BEGIN

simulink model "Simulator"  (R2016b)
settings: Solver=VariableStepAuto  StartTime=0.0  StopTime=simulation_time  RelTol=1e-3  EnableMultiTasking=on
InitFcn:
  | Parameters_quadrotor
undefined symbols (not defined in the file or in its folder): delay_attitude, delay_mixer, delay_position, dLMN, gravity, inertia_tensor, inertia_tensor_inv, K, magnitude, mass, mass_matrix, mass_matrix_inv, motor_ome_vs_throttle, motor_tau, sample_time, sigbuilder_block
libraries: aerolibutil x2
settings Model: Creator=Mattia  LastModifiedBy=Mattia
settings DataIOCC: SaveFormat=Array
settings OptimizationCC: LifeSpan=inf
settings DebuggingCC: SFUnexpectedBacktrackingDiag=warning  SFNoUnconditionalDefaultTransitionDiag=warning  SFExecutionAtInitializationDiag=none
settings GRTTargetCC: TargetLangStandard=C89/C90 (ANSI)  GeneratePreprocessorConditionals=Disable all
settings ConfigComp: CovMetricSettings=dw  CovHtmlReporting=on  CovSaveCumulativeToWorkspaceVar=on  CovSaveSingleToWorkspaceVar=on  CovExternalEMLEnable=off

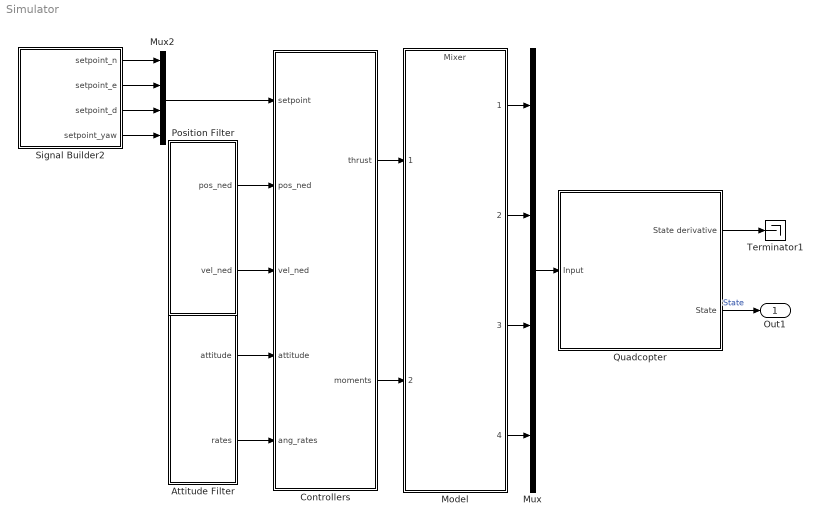
== system Simulator ==
  Attitude Filter : Subsystem
  Controllers : Subsystem
  Model : ModelReference  ModelNameDialog=Mixer.slx  SimulationMode=Normal  ModelReferenceVersion=1.35
  Mux : Mux
  Mux2 : Mux
  Position Filter : Subsystem
  Quadcopter : Subsystem
      mask Display:
      | image(imread('quad.png'))
      | port_label('input',1,'u')
      | port_label('output',1,'Xdot')
      | port_label('output',2,'X')
  Signal Builder2 : Subsystem  Tag=STV Subsys  LoadFcn=sigbuilder_block('load');  StartFcn=sigbuilder_block('start');  StopFcn=sigbuilder_block('stop');  ClipboardFcn=sigbuilder_block('clipboard');  mask(Sigbuilder block){tuvar=[0:10]}
      mask help: Simulink:masks:SigbuilderBlock_MD
      mask init:
      | if ~strcmp(get_param(bdroot(gcbh),'SimulationStatus'),'stopped') tuvar = sigbuilder_block('maskInit'); end
      settings: CopyFcn=sigbuilder_block('copy');  DeleteFcn=sigbuilder_block('delete');  ModelCloseFcn=sigbuilder_block('modelClose');  PreSaveFcn=sigbuilder_block('preSave');  PauseFcn=sigbuilder_block('pause');  ContinueFcn=sigbuilder_block('continue');  NameChangeFcn=sigbuilder_block('namechange');  OpenFcn=sigbuilder_block('open',[0 30 1024.5 488.25 ]);  CloseFcn=sigbuilder_block('close');
      mask Display: plot(0, 0, 100, 100,[2, 2, 32, 32, 2], [68, 8, 8, 68, 68],[32, 2], [38, 38], [32, 19, 2],[53, 60, 44], [32, 17, 17, 2],[16, 16, 31, 31]);txt = getActiveGroup(gcbh);text(2, 100, txt,'verticalAlignment', 'top');
  Terminator1 : Terminator
  Out1 : Outport
  wires:
  Signal Builder2/2(setpoint_e) -> Mux2/2
  Signal Builder2/3(setpoint_d) -> Mux2/3
  Signal Builder2/4("setpoint_yaw ") -> Mux2/4
  Signal Builder2/1(setpoint_n) -> Mux2/1
  Controllers/2(moments) -> Model/2
  Mux2/1 -> Controllers/1(setpoint)
  Quadcopter/1(State derivative) -> Terminator1/1
  Attitude Filter/1(attitude) -> Controllers/4(attitude)
  Mux/1 -> Quadcopter/1(Input)
  Model/1 -> Mux/1
  Model/2 -> Mux/2
  Model/3 -> Mux/3
  Model/4 -> Mux/4
  Controllers/1(thrust) -> Model/1
  Attitude Filter/2(rates) -> Controllers/5(ang_rates)
  Position Filter/1(pos_ned) -> Controllers/2(pos_ned)
  Position Filter/2(vel_ned) -> Controllers/3(vel_ned)
  Quadcopter/2(State) -> Out1/1  "State"

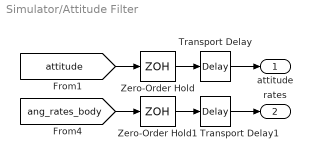
== system Simulator/Attitude Filter ==
  Transport Delay : TransportDelay  DelayTime=delay_attitude * sample_time
  Transport Delay1 : TransportDelay  DelayTime=delay_attitude * sample_time
  Zero-Order Hold : ZeroOrderHold  SampleTime=sample_time
  Zero-Order Hold1 : ZeroOrderHold  SampleTime=sample_time
  attitude : Outport  PortDimensions=3
  rates : Outport  Port=2  PortDimensions=3
  wires:
  [ang_rates_body] -> Zero-Order Hold1/1
  [attitude] -> Zero-Order Hold/1
  Zero-Order Hold1/1 -> Transport Delay1/1
  Zero-Order Hold/1 -> Transport Delay/1
  Transport Delay1/1 -> rates/1
  Transport Delay/1 -> attitude/1

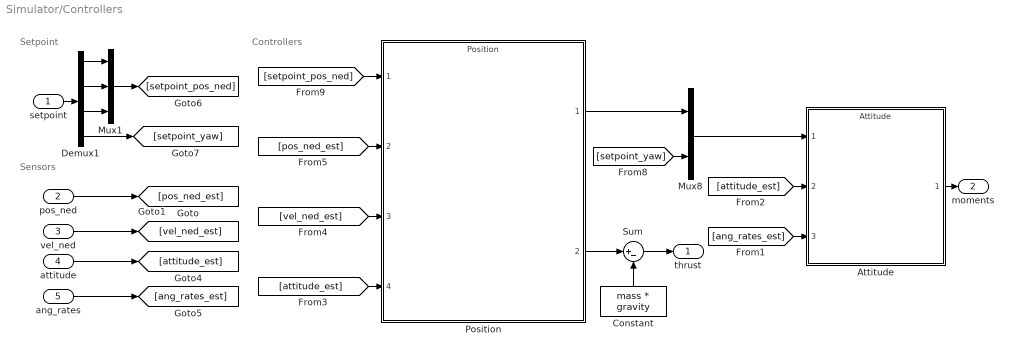
== system Simulator/Controllers ==
  note: Sensors
  note: Setpoint
  note: Controllers
  setpoint : Inport  PortDimensions=4
  pos_ned : Inport  Port=2  PortDimensions=3
  vel_ned : Inport  Port=3  PortDimensions=3
  attitude : Inport  Port=4  PortDimensions=3
  ang_rates : Inport  Port=5  PortDimensions=3
  Attitude : ModelReference  ModelNameDialog=Attitude.slx  SimulationMode=Normal  ModelReferenceVersion=1.162
  Constant : Constant  Value=mass * gravity
  Demux1 : Demux
  Mux1 : Mux  Inputs=3
  Mux8 : Mux  Inputs=2
  Position : ModelReference  ModelNameDialog=Position.slx  SimulationMode=Normal  ModelReferenceVersion=1.303
  Sum : Sum  Inputs=|+-
  thrust : Outport
  moments : Outport  Port=2  PortDimensions=3
  wires:
  setpoint/1 -> Demux1/1
  [attitude_est] -> Attitude/2
  Demux1/4 -> [setpoint_yaw]
  Demux1/2 -> Mux1/2
  Demux1/1 -> Mux1/1
  Attitude/1 -> moments/1
  [pos_ned_est] -> Position/2
  Mux8/1 -> Attitude/1
  [ang_rates_est] -> Attitude/3
  Constant/1 -> Sum/2
  [setpoint_yaw] -> Mux8/2
  attitude/1 -> [attitude_est]
  Mux1/1 -> [setpoint_pos_ned]
  [setpoint_pos_ned] -> Position/1
  pos_ned/1 -> [pos_ned_est]
  vel_ned/1 -> [vel_ned_est]
  ang_rates/1 -> [ang_rates_est]
  [attitude_est] -> Position/4
  Sum/1 -> thrust/1
  [vel_ned_est] -> Position/3
  Demux1/3 -> Mux1/3
  Position/1 -> Mux8/1
  Position/2 -> Sum/1

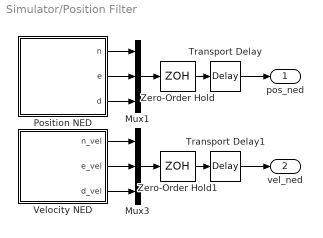
== system Simulator/Position Filter ==
  Mux1 : Mux  Inputs=3
  Mux3 : Mux  Inputs=3
  Position NED : Subsystem
  Transport Delay : TransportDelay  DelayTime=delay_position * sample_time
  Transport Delay1 : TransportDelay  DelayTime=delay_position * sample_time
  Velocity NED : Subsystem
  Zero-Order Hold : ZeroOrderHold  SampleTime=sample_time
  Zero-Order Hold1 : ZeroOrderHold  SampleTime=sample_time
  pos_ned : Outport  PortDimensions=3
  vel_ned : Outport  Port=2  PortDimensions=3
  wires:
  Position NED/2(e) -> Mux1/2
  Velocity NED/2(e_vel) -> Mux3/2
  Velocity NED/1(n_vel) -> Mux3/1
  Position NED/1(n) -> Mux1/1
  Zero-Order Hold/1 -> Transport Delay/1
  Mux1/1 -> Zero-Order Hold/1
  Transport Delay/1 -> pos_ned/1
  Zero-Order Hold1/1 -> Transport Delay1/1
  Mux3/1 -> Zero-Order Hold1/1
  Transport Delay1/1 -> vel_ned/1
  Position NED/3(d) -> Mux1/3
  Velocity NED/3(d_vel) -> Mux3/3

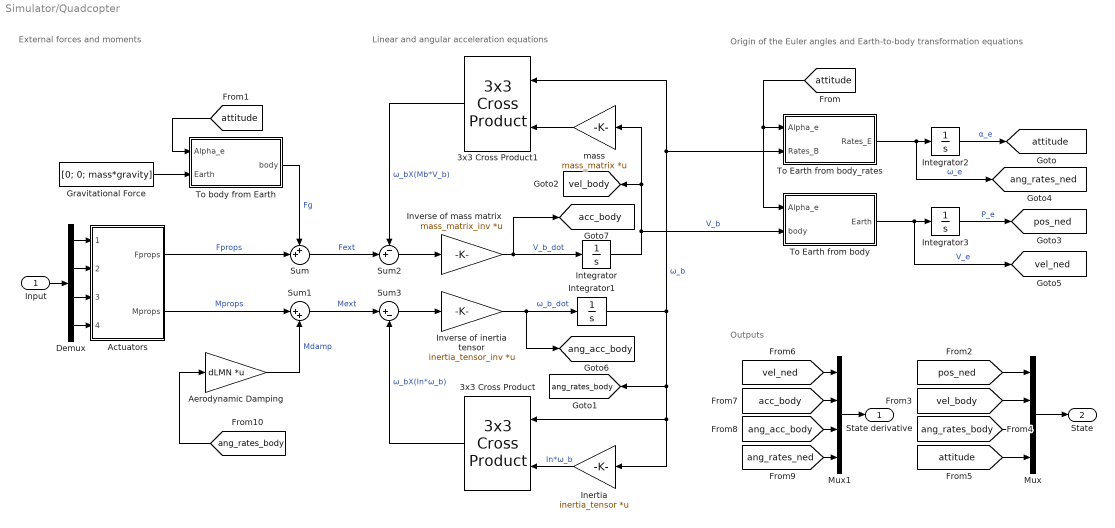
== system Simulator/Quadcopter ==
  note: Outputs
  note: Origin of the Euler angles and Earth-to-body transformation equations
  note: Linear and angular acceleration equations
  note: External forces and moments
  Input : Inport
  3x3 Cross Product : aerolibutil/3x3 Cross Product
  3x3 Cross Product1 : aerolibutil/3x3 Cross Product
  Actuators : Subsystem
  Aerodynamic Damping : Gain  Gain=dLMN  Multiplication=Matrix(K*u)
  Demux : Demux
  Gravitational Force : Constant  Value=[0; 0; mass*gravity]
  Inertia : Gain  Gain=inertia_tensor  Multiplication=Matrix(K*u)
  Integrator{,1..3} (4 alike) : Integrator  InitialCondition=[0; 0; 0]
  Inverse of inertia tensor : Gain  Gain=inertia_tensor_inv  Multiplication=Matrix(K*u)
  Inverse of mass matrix : Gain  Gain=mass_matrix_inv  Multiplication=Matrix(K*u)
  Mux : Mux
  Mux1 : Mux
  Sum : Sum  Inputs=++|
  Sum1 : Sum  Inputs=|++
  Sum2 : Sum  Inputs=-+|
  Sum3 : Sum  Inputs=|+-
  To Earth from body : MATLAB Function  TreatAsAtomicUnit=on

END

YOUR INSTRUCTIONS:
How many lines of the material contain the string "Value"? Answer with the number and nothing else.

RESPONSE AREA:
2